Records:
+---+
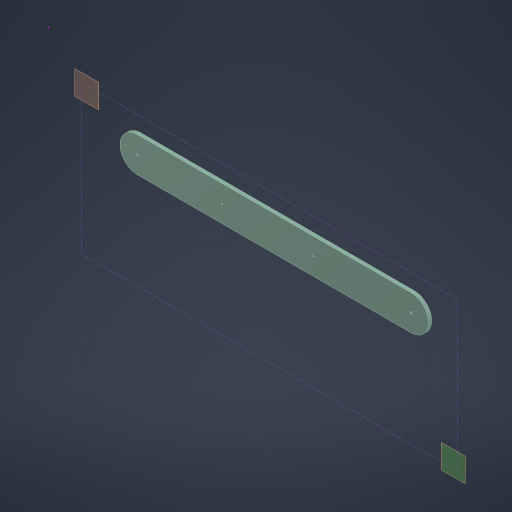
# Autodesk Inventor part: foot1
Saved by Autodesk Inventor 2024.2 (Build 282272000, 272)
## iProperties
Created: 2024-06-20
Part Number: foot1
Material: Generic
Document SubType Name: Modeling
Designer: Moe
Density: 1 g/cm^3
Appearance: Default
Author: Moe
Autodesk Inventor part; units mm, degrees
ref_plane "YZ Plane" through (0, 0, 0) normal (1, 0, 0) x (0, 1, 0)
ref_plane "XZ Plane" through (0, 0, 0) normal (0, 1, 0) x (-1, 0, 0)
ref_plane "XY Plane" through (0, 0, 0) normal (0, 0, 1) x (1, 0, 0)
ref_plane "Work Plane2" through (35.545, -31.609, 1.6) normal (0, 0, 1) x (1, 0, 0)
sketch "Sketch2" plane through (35.545, -31.609, 1.6) normal (0, 0, 1) x (1, 0, 0)
  line L0 (-4.7778, 3.1171) -> (341.5466, 3.1925) construction
  line L1 (341.5466, 3.1925) -> (341.5765, -133.848) construction
  line L2 (341.5765, -133.848) -> (-4.7479, -133.9235) construction
  line L3 (-4.7479, -133.9235) -> (-4.7778, 3.1171) construction
  point P0 (-35.545, 31.609)
  constraints: 2 other
ref_plane "Work Plane1" through (371.545, -162.609, 0) normal (0, 0, -1) x (-1, 0, 0)
ref_plane "Work Plane3" through (371.545, -162.609, 0) normal (0, 0, 1) x (1, 0, 0)
sketch "Sketch10" plane through (371.545, -162.609, 0) normal (0, 0, 1) x (1, 0, 0)
  line L0 (-288.039, 119.527) -> (-35.979, 119.527)
  line L1 (-19.979, 103.527) -> (-19.979, 103.527)
  line L2 (-35.979, 87.527) -> (-288.039, 87.527)
  line L3 (-304.039, 103.527) -> (-304.039, 103.527)
  circle A0 centre (-288.039, 103.527) radius 1.1 projected
  circle A1 centre (-35.979, 103.44) radius 1.1 projected
  arc A2 (-19.979, 103.527) -> (-35.979, 119.527) centre (-35.979, 103.527) ccw
  arc A3 (-35.979, 87.527) -> (-19.979, 103.527) centre (-35.979, 103.527) ccw
  arc A4 (-304.039, 103.527) -> (-288.039, 87.527) centre (-288.039, 103.527) ccw
  arc A5 (-288.039, 119.527) -> (-304.039, 103.527) centre (-288.039, 103.527) ccw
  circle A6 centre (-210.039, 103.527) radius 1.1 projected
  circle A7 centre (-125.979, 103.44) radius 1.1 projected
  point P0 (-371.545, 162.609)
  dimension "d89" = 16
  dimension "d91" = 16
  dimension "d92" = 16
  dimension "d93" = 16
  dimension "d94" = 16
  constraints: 8 end point, 8 point on circle, 8 tangent, 4 centre point, 3 equal radius, 2 parallel, 1 horizontal, 1 perpendicular
  measures "d89" distance from line of L0 A0.centre
  measures "d91" distance from line of L2 A0.centre
  measures "d92" distance from line of A0.centre L3
  measures "d93" distance from line of L1 A1.centre
  measures "d94" radius of A2
extrude "Extrusion5" add sketch "Sketch10" along normal blind 3
body "Solid1"
+---+
Assignment: Provide the lines again, unchanged, from where the data above begins through the line containing "0) x (0, 1, 0)", both ends included, omitting pictures and adding nothing.

Response area:
# Autodesk Inventor part: foot1
Saved by Autodesk Inventor 2024.2 (Build 282272000, 272)
## iProperties
Created: 2024-06-20
Part Number: foot1
Material: Generic
Document SubType Name: Modeling
Designer: Moe
Density: 1 g/cm^3
Appearance: Default
Author: Moe
Autodesk Inventor part; units mm, degrees
ref_plane "YZ Plane" through (0, 0, 0) normal (1, 0, 0) x (0, 1, 0)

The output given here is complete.